Bloated Word exports from Apple Pages
Recently I noticed something strange in the current Mac version of Apple’s Pages (version 5.2 1860). If you create a new blank document and immediately save the file in Pages own format you get a 62 KB file, but if you export it in “.docx” format you get a 493 KB file, almost 8 times bigger. And if you export it in “.doc (Word 1997-2004 compatible)” format, you get a huge 1.5 MB file that’s 24 times bigger.
So what is it putting in these files? Given that .docx formatted documents are basically zip files with a different extension it’s quite easy to see what is inside them. Simply append .zip to the filename and double-click on the file to have your Mac open the file with the default zip file handler Archive Utility. And you’ll find these files in the extracted folder…
Most of those files are tiny, but that image1.png file in the media folder is 489 KB alone. And all it is is a big blue textured 635 pixel square.
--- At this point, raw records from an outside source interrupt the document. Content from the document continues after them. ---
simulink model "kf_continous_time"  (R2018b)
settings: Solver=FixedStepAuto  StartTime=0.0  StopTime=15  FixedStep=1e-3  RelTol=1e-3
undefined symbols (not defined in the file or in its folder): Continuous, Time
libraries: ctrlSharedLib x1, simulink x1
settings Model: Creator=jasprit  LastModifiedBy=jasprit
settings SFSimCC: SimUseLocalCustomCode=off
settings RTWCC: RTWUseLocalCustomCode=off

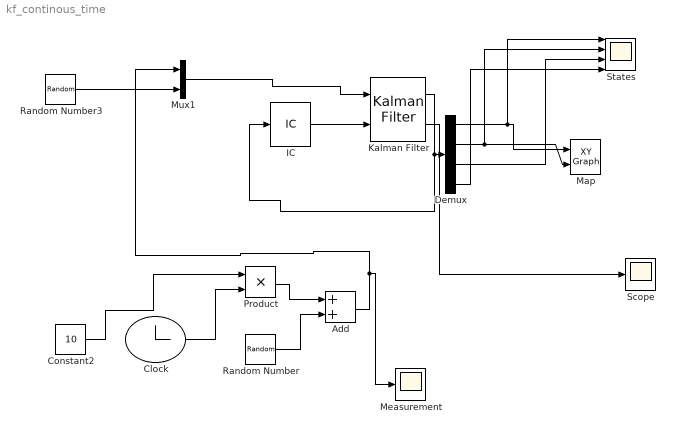
== system kf_continous_time ==
  Add : Sum
  Clock : Clock
  Constant2 : Constant  Value=10
  Demux : Demux
  IC : InitialCondition  Value=[0 0 10 0]
  Kalman Filter : ctrlSharedLib/Kalman Filter  TimeDomain=Continuous-Time  UseCurrentEstimator=on  ModelSource=Individual A, B, C, D matrices  ModelSourceVariable=ss(0.95,1,1,0,1)  A=[0 0 1 0; 0 0 0 1; 0 0 0 0; 0 0 0 0]  B=[1 0; 0 1]  C=[1 0 0 0; 0 1 0 0]  D=[0 0; 0 0]  NumberOfStates=1  NumberOfInputs=1  NumberOfOutputs=1  InitialEstimateSource=Input port  X0=[0 0 20 0]  P0=10  UseK=off  UseGH=off  NumberOfProcessNoiseInputs=1  G=1  TimeInvariantG=on  H=0  TimeInvariantH=on  Q=[0.2 0 0 0; 0 0.2 0 0; 0 0 0.4 0; 0 0 0 0.4]  TimeInvariantQ=on  R=[0.1 0; 0 0.1]  TimeInvariantR=on  N=0  TimeInvariantN=on  AddInputPort=off  AddEnablePort=off  OutputEstimatedY=off  OutputP=on  Ts=-1
      settings: SourceProductBaseCode=CT
  Map : simulink/Sinks/XY Graph  xmin=-1  xmax=200  ymin=-1  ymax=1  st=-1
  "Measurement " : Scope
  Mux1 : Mux  Inputs=2
  Product : Product
  Random Number : RandomNumber  Variance=0.1  SampleTime=0.1
  Random Number3 : RandomNumber  Variance=0.1  SampleTime=0.1
  Scope : Scope
  States : Scope  NumInputPorts=4
  wires:
  Constant2/1 -> Product/1
  Kalman Filter/1 -> Demux/1, IC/1
  Demux/1 -> States/1, Map/1
  Clock/1 -> Product/2
  Product/1 -> Add/1
  Random Number/1 -> Add/2
  Add/1 -> Mux1/1, "Measurement "/1
  Kalman Filter/2 -> Scope/1
  Demux/2 -> Map/2, States/2
  Mux1/1 -> Kalman Filter/1
  Random Number3/1 -> Mux1/2
  Demux/3 -> States/3
  Demux/4 -> States/4
  IC/1 -> Kalman Filter/2
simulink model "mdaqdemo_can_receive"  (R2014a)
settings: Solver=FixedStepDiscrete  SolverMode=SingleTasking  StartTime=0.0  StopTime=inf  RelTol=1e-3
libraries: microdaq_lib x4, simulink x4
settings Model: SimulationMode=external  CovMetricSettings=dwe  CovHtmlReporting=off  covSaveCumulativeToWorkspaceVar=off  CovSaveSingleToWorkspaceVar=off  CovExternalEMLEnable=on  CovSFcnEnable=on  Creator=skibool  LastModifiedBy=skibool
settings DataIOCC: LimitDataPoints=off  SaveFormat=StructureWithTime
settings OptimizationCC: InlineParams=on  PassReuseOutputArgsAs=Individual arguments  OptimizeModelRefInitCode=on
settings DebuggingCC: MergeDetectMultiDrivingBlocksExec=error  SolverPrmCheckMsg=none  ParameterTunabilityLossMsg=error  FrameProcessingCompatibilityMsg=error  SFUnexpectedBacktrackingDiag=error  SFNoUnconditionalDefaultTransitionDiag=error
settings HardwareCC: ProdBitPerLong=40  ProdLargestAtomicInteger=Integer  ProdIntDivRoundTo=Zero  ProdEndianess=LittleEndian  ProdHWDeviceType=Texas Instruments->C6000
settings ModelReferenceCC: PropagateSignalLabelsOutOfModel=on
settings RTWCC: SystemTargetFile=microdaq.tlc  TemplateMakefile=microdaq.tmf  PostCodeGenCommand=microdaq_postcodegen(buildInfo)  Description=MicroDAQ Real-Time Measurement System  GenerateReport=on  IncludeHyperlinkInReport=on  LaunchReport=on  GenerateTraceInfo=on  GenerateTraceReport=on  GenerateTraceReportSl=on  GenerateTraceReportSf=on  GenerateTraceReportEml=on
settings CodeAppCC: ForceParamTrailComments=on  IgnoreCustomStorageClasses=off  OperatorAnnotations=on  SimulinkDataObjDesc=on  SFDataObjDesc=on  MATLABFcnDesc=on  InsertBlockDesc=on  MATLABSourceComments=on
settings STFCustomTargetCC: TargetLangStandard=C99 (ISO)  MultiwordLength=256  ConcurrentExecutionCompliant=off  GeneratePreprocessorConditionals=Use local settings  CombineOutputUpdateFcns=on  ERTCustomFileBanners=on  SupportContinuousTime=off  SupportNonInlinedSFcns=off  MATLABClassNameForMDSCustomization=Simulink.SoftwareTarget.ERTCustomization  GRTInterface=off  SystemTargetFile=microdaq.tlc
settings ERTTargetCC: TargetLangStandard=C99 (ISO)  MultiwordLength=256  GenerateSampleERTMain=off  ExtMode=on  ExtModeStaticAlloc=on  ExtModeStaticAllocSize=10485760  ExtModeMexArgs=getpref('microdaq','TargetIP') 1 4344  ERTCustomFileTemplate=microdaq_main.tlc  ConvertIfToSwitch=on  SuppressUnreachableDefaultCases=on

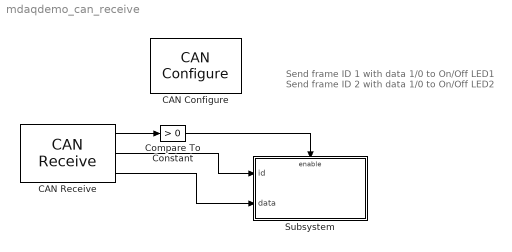
== system mdaqdemo_can_receive ==
  note: Send frame ID 1 with data 1/0 to On/Off LED1
      | Send frame ID 2 with data 1/0 to On/Off LED2
  CAN Configure : microdaq_lib/Network/CAN Configure  SParameter1=500000 kbit/s  SampleTime=-1
  CAN Receive : microdaq_lib/Network/CAN Receive  SampleTime=-1
  Compare To Constant : simulink/Logic and Bit Operations/Compare To Constant  relop=>  const=0  OutDataTypeStr=boolean
  Subsystem : Subsystem
  wires:
  CAN Receive/3 -> Subsystem/2(data)
  Compare To Constant/1 -> Subsystem/Enable
  CAN Receive/1 -> Compare To Constant/1
  CAN Receive/2 -> Subsystem/1(id)

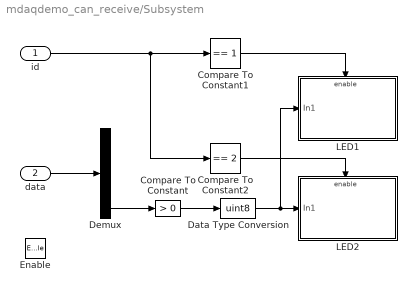
== system mdaqdemo_can_receive/Subsystem ==
  id : Inport
  data : Inport  Port=2
  Enable : EnablePort
  Compare To Constant : simulink/Logic and Bit Operations/Compare To Constant  relop=>  const=0  OutDataTypeStr=boolean
  Compare To Constant1 : simulink/Logic and Bit Operations/Compare To Constant  relop===  const=1  OutDataTypeStr=uint8
  Compare To Constant2 : simulink/Logic and Bit Operations/Compare To Constant  relop===  const=2  OutDataTypeStr=uint8
  Data Type Conversion : DataTypeConversion  OutDataTypeStr=uint8
  Demux : Demux  Outputs=8
  LED1 : Subsystem
  "LED2 " : Subsystem
  wires:
  Compare To Constant1/1 -> LED1/Enable
  Compare To Constant2/1 -> "LED2 "/Enable
  data/1 -> Demux/1
  id/1 -> Compare To Constant2/1, Compare To Constant1/1
  Demux/8 -> Compare To Constant/1
  Data Type Conversion/1 -> LED1/1(In1), "LED2 "/1(In1)
  Compare To Constant/1 -> Data Type Conversion/1

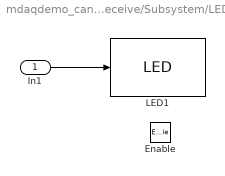
== system mdaqdemo_can_receive/Subsystem/LED1 ==
  In1 : Inport
  Enable : EnablePort
  LED1 : microdaq_lib/Utilities/LED  SParameter1=D1
  wires:
  In1/1 -> LED1/1

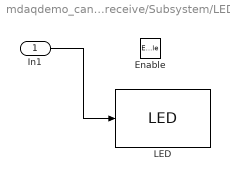
== system mdaqdemo_can_receive/Subsystem/LED2  ==
  In1 : Inport
  Enable : EnablePort
  LED : microdaq_lib/Utilities/LED  SParameter1=D2
  wires:
  In1/1 -> LED/1

So why is it there? It is mentioned within the theme files as the fill on a default shape, but there are no shapes in an empty blank document so that PNG file serves no purpose. So that explains the 493 KB file size of the exported docx file.
Unfortunately files in the Word 1997-2004 compatible format use a much less friendly binary format to store their data. There are probably instructions out there to help you parse the format and try to understand what it is doing, but a quick way to check is to load the file into a hex editor like Hex Fiend and search for the “âPNG” and “IEND” markers that respectively indicate the start and end of a PNG file.
Sure enough the file has that same embedded PNG with its blue texture, but it also has a similar file with a green tint and another similar file with a yellow tint. All of them 489 KB in size and if you subtract the three 489 KB files from that huge 1.5 MB you are left with 69 KB of data. So that explains the extra padding on the Word 1997-2004 formatted document.
Reported to Apple as rdar://17089255.
Update October 26, 2014: Tested in the recently released v5.5 (2109) and Pages is still doing exactly the same thing. My bug report is still sitting untouched almost five months later.
Update October 18, 2015: Tested in the recently release v5.6 (2553) and Pages is still doing exactly the same thing. So even though Apple explicitly call out “Improved Word export” as one of the features of Pages 5.6 they still haven’t fixed this bug in Word export.
Update September 22, 2016: Tested in the recently release v6.0 (3507) and Pages is STILL doing exactly the same thing.
Workaround
If you use Pages to edit documents and need to send someone a file in Word format, a solution to remove the unnecessary bloat is to open the affected files and then immediately save them again using the same format in the free LibreOffice application. This strips out the unnecessary PNG files removing the excess bloat.
The current version of Microsoft Word for Mac version 15.15 (150911) will remove the unnecessary PNG files from DOC files, but sadly leaves the extra PNG file in DOCX files.